### Task prompt
Write out the data exactly from its first line onward, ending with the line in which "- removed SJ1: (no value), jumper:SJ" appears.

### Data for this task
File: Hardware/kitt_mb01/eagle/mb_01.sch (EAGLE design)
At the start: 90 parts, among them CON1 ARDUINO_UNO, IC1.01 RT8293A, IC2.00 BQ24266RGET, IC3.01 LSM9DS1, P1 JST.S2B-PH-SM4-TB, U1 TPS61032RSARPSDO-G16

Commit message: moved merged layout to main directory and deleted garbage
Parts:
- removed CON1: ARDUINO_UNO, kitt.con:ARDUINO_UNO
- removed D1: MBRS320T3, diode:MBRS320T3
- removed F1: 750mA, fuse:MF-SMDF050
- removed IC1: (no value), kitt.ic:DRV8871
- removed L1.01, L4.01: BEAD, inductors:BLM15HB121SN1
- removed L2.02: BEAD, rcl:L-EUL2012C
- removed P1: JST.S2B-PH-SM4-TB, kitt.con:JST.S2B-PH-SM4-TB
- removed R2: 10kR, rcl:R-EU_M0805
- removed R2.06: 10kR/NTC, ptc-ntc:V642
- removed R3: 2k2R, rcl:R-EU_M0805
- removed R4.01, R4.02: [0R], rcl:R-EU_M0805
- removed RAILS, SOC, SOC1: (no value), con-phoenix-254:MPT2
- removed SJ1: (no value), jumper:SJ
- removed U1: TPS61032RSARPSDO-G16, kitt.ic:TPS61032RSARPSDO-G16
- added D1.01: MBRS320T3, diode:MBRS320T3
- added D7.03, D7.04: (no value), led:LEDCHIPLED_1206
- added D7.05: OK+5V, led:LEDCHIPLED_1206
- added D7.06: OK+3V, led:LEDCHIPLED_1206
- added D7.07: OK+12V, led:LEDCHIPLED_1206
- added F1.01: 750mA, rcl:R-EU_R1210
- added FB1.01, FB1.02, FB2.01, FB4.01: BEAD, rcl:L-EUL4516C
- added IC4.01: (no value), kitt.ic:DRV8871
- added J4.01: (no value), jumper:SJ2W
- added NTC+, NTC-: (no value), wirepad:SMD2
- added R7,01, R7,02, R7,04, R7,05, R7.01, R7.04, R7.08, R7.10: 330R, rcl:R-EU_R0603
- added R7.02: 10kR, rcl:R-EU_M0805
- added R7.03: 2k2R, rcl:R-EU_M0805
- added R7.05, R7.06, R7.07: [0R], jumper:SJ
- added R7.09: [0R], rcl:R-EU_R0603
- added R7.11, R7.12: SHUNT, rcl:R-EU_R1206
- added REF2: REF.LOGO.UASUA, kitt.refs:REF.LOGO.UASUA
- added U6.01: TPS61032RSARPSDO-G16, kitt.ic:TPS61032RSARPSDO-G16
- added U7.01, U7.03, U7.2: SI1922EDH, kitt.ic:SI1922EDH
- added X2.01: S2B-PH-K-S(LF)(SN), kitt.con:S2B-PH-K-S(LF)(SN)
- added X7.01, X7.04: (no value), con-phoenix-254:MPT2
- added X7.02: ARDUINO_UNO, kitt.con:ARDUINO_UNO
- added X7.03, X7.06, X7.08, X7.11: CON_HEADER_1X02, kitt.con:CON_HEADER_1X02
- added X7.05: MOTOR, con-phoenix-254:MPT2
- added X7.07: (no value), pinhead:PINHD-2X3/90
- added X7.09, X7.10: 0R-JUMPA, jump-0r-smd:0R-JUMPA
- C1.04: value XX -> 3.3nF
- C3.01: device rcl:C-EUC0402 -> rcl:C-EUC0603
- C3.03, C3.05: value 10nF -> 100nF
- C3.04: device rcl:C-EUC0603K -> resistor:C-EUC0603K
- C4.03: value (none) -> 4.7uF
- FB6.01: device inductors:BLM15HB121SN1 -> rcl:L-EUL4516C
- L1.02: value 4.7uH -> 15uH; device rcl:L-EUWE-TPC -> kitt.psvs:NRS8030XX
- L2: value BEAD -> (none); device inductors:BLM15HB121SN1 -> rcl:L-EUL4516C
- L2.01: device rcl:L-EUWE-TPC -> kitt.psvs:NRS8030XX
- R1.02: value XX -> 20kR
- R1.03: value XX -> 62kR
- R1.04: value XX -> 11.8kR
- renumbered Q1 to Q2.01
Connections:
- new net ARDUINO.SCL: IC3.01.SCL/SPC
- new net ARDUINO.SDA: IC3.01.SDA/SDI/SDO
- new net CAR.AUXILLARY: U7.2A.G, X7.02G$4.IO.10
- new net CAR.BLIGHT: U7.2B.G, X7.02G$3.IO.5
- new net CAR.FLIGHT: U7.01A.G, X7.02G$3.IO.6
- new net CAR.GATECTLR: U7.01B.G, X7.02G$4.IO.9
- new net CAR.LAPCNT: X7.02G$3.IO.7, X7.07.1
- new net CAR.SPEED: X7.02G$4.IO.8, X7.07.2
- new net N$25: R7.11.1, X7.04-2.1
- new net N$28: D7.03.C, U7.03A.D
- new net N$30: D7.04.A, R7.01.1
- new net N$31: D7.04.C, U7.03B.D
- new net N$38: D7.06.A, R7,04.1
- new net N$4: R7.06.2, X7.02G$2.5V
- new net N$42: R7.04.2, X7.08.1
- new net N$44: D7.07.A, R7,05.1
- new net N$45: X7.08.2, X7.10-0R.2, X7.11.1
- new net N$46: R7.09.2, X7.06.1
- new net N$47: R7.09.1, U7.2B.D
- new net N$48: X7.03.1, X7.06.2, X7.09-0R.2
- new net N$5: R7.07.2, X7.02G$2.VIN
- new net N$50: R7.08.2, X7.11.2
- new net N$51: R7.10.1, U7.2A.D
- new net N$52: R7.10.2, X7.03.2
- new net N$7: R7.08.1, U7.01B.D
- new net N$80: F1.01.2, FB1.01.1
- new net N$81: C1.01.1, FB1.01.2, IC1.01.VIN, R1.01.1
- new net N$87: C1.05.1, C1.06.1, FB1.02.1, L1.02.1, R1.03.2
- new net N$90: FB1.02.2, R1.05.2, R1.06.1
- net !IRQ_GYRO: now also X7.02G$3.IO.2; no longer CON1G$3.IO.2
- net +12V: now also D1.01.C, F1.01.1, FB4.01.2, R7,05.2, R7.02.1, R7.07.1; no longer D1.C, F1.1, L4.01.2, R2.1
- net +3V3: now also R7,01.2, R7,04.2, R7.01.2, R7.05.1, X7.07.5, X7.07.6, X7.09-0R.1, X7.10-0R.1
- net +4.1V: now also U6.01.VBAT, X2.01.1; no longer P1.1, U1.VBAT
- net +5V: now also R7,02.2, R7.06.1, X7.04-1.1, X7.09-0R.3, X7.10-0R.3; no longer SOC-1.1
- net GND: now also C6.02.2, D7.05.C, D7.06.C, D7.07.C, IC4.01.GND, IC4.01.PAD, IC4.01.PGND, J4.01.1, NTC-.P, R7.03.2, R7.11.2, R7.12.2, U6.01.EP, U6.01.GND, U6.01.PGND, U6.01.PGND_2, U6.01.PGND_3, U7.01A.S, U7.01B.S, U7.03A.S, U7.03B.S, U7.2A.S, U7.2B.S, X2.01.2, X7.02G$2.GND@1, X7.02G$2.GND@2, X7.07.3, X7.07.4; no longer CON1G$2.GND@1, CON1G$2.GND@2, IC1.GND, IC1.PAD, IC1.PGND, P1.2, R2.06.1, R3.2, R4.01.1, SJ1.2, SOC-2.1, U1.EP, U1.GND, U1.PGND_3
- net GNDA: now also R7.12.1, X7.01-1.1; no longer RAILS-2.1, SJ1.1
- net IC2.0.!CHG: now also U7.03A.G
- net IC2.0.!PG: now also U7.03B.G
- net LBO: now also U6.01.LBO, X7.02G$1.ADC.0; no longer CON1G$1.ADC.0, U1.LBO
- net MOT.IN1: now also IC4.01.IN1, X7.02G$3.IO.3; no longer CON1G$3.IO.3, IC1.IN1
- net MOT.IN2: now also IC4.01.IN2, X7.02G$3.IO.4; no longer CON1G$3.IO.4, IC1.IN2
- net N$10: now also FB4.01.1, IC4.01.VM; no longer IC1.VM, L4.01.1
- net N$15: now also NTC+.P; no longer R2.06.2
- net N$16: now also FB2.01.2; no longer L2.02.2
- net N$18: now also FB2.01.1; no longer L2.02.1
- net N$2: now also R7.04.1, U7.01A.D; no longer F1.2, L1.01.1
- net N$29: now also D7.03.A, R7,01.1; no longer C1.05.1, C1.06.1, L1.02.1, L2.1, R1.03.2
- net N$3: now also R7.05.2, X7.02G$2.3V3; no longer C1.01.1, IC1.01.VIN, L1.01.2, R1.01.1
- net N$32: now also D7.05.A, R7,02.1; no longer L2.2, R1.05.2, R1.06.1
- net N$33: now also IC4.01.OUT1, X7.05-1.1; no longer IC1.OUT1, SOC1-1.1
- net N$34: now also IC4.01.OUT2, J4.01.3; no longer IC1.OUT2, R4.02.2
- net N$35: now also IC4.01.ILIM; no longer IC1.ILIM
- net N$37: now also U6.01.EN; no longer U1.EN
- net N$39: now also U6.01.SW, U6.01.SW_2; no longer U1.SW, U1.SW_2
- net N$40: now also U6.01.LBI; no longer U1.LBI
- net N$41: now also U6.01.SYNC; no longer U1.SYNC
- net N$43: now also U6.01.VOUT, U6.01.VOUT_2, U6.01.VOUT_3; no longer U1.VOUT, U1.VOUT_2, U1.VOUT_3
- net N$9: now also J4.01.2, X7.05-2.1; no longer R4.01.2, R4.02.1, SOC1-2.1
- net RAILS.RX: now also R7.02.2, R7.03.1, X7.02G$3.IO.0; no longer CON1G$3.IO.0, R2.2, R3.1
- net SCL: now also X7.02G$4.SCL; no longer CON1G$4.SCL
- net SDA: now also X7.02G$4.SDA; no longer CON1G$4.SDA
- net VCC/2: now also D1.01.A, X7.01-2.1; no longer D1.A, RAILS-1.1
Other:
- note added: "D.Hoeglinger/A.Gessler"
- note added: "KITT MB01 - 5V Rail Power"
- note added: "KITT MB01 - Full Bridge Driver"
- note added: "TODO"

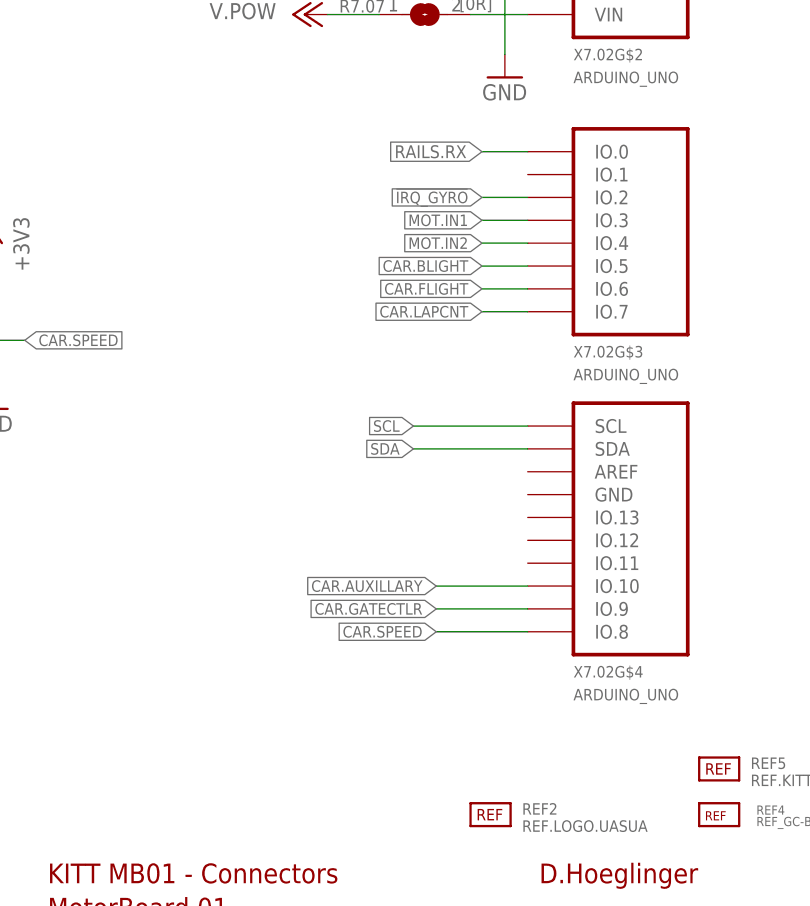
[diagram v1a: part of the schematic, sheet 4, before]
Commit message: snapshot of mb-01 board -> double-checked pin usage between pcbs, needed to reroute one signal
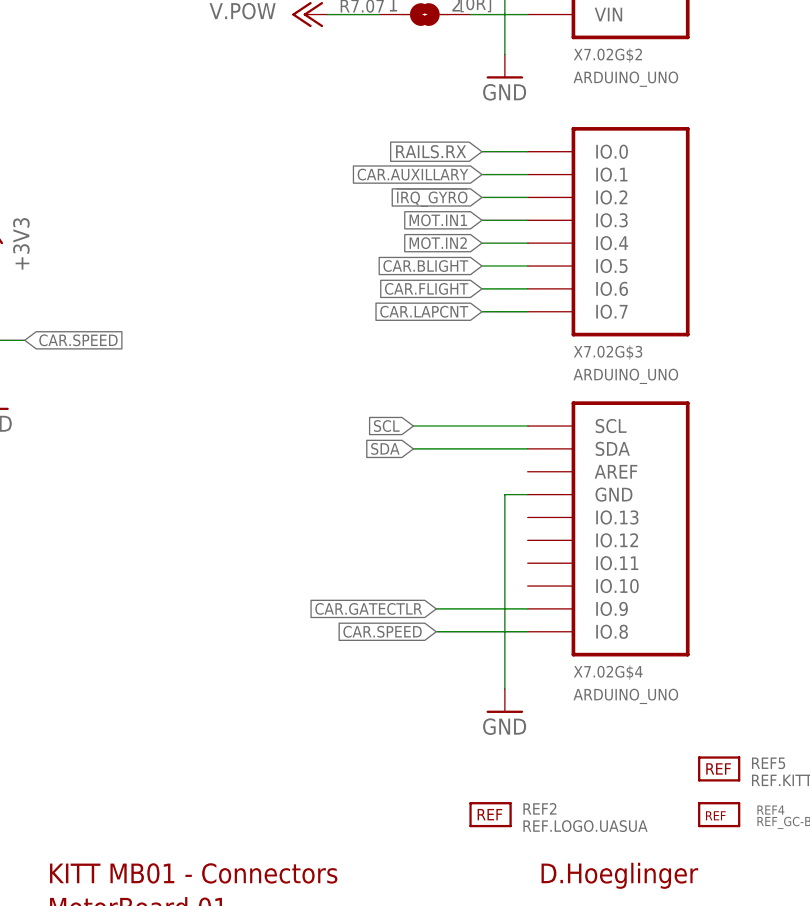
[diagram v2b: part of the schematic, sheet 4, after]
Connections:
- net CAR.AUXILLARY: now also X7.02G$3.IO.1; no longer X7.02G$4.IO.10
- net GND: now also X7.02G$4.GND
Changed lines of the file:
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@@
 <setting verticaltext="up"/>
 </settings>
-<grid distance="0.025" unitdist="inch" unit="inch" style="lines" multiple="1" display="no" altdistance="0.01" altunitdist="inch" altunit="inch"/>
+<grid distance="0.05" unitdist="inch" unit="inch" style="lines" multiple="1" display="no" altdistance="0.01" altunitdist="inch" altunit="inch"/>
 <layers>
 <layer number="1" name="Top" color="4" fill="1" visible="no" active="no"/>
@@
 <part name="R7.10" library="rcl" deviceset="R-EU_" device="R0603" value="330R"/>
 <part name="L2" library="rcl" deviceset="L-EU" device="L4516C"/>
+<part name="GND27" library="supply1" deviceset="GND" device=""/>
 </parts>
 <sheets>
@@
 <instance part="X7.03" gate="G$1" x="66.04" y="55.88"/>
 <instance part="R7.10" gate="G$1" x="46.355" y="43.18" rot="R90"/>
+<instance part="GND27" gate="1" x="213.36" y="39.37"/>
 </instances>
 <busses>
@@
 <wire x1="55.245" y1="71.12" x2="55.245" y2="73.66" width="0.1524" layer="91"/>
 </segment>
+<segment>
+<pinref part="GND27" gate="1" pin="GND"/>
+<pinref part="X7.02" gate="G$4" pin="GND"/>
+<wire x1="213.36" y1="41.91" x2="213.36" y2="63.5" width="0.1524" layer="91"/>
+<wire x1="213.36" y1="63.5" x2="215.9" y2="63.5" width="0.1524" layer="91"/>
+</segment>
 </net>
 <net name="RAILS.RX" class="0">
@@
 </segment>
 <segment>
-<wire x1="205.74" y1="53.34" x2="215.9" y2="53.34" width="0.1524" layer="91"/>
-<label x="205.74" y="53.34" size="1.27" layer="95" rot="R180" xref="yes"/>
-<pinref part="X7.02" gate="G$4" pin="IO.10"/>
-</segment>
-</net>
+<label x="210.82" y="99.06" size="1.27" layer="95" rot="R180" xref="yes"/>
+<pinref part="X7.02" gate="G$3" pin="IO.1"/>
+<wire x1="210.82" y1="99.06" x2="215.9" y2="99.06" width="0.1524" layer="91"/>
+</segment>
+</net>

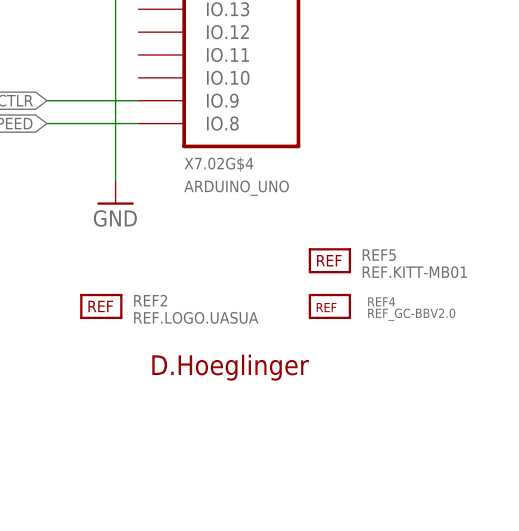
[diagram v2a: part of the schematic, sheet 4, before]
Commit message: snapshot of mb01 board layout -> rearranged some vias -> minor reroutes were done -> started working on top silk layer
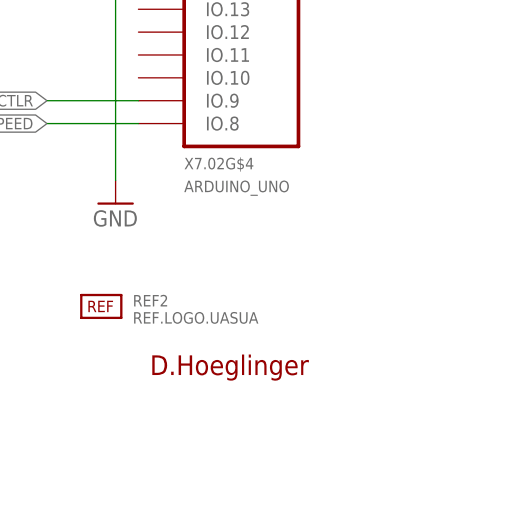
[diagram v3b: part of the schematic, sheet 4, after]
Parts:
- removed L2: (no value), rcl:L-EUL4516C
- removed REF4: REF_GC-BBV2.0, kitt.con:REF_GC-BBV2.0
- removed REF5: REF.KITT-MB01, kitt.refs:REF.KITT-MB01
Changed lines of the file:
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@@
 <setting verticaltext="up"/>
 </settings>
-<grid distance="0.05" unitdist="inch" unit="inch" style="lines" multiple="1" display="no" altdistance="0.01" altunitdist="inch" altunit="inch"/>
+<grid distance="0.1" unitdist="inch" unit="inch" style="lines" multiple="1" display="no" altdistance="0.01" altunitdist="inch" altunit="inch"/>
 <layers>
 <layer number="1" name="Top" color="4" fill="1" visible="no" active="no"/>
@@
 <part name="FRAME3" library="frames" deviceset="A4L-LOC" device=""/>
 <part name="X7.02" library="kitt.con" deviceset="ARDUINO_UNO" device=""/>
-<part name="REF4" library="kitt.con" deviceset="REF_GC-BBV2.0" device=""/>
 <part name="GND7" library="supply1" deviceset="GND" device=""/>
 <part name="R7.02" library="rcl" deviceset="R-EU_" device="M0805" value="10kR"/>
 <part name="R7.03" library="rcl" deviceset="R-EU_" device="M0805" value="2k2R"/>
 <part name="GND8" library="supply1" deviceset="GND" device=""/>
-<part name="REF5" library="kitt.refs" deviceset="REF.KITT-MB01" device=""/>
 <part name="P+5VMAIN1" library="supply1" deviceset="+5V" device="" value="+5V-MAIN"/>
 <part name="X7.04" library="con-phoenix-254" deviceset="MPT2" device=""/>
@@
 <part name="X7.03" library="kitt.con" deviceset="CON_HEADER_1X02" device=""/>
 <part name="R7.10" library="rcl" deviceset="R-EU_" device="R0603" value="330R"/>
-<part name="L2" library="rcl" deviceset="L-EU" device="L4516C"/>
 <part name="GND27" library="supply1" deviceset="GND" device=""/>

### Solution to this task
File: Hardware/kitt_mb01/eagle/mb_01.sch (EAGLE design)
At the start: 90 parts, among them CON1 ARDUINO_UNO, IC1.01 RT8293A, IC2.00 BQ24266RGET, IC3.01 LSM9DS1, P1 JST.S2B-PH-SM4-TB, U1 TPS61032RSARPSDO-G16

Commit message: moved merged layout to main directory and deleted garbage
Parts:
- removed CON1: ARDUINO_UNO, kitt.con:ARDUINO_UNO
- removed D1: MBRS320T3, diode:MBRS320T3
- removed F1: 750mA, fuse:MF-SMDF050
- removed IC1: (no value), kitt.ic:DRV8871
- removed L1.01, L4.01: BEAD, inductors:BLM15HB121SN1
- removed L2.02: BEAD, rcl:L-EUL2012C
- removed P1: JST.S2B-PH-SM4-TB, kitt.con:JST.S2B-PH-SM4-TB
- removed R2: 10kR, rcl:R-EU_M0805
- removed R2.06: 10kR/NTC, ptc-ntc:V642
- removed R3: 2k2R, rcl:R-EU_M0805
- removed R4.01, R4.02: [0R], rcl:R-EU_M0805
- removed RAILS, SOC, SOC1: (no value), con-phoenix-254:MPT2
- removed SJ1: (no value), jumper:SJ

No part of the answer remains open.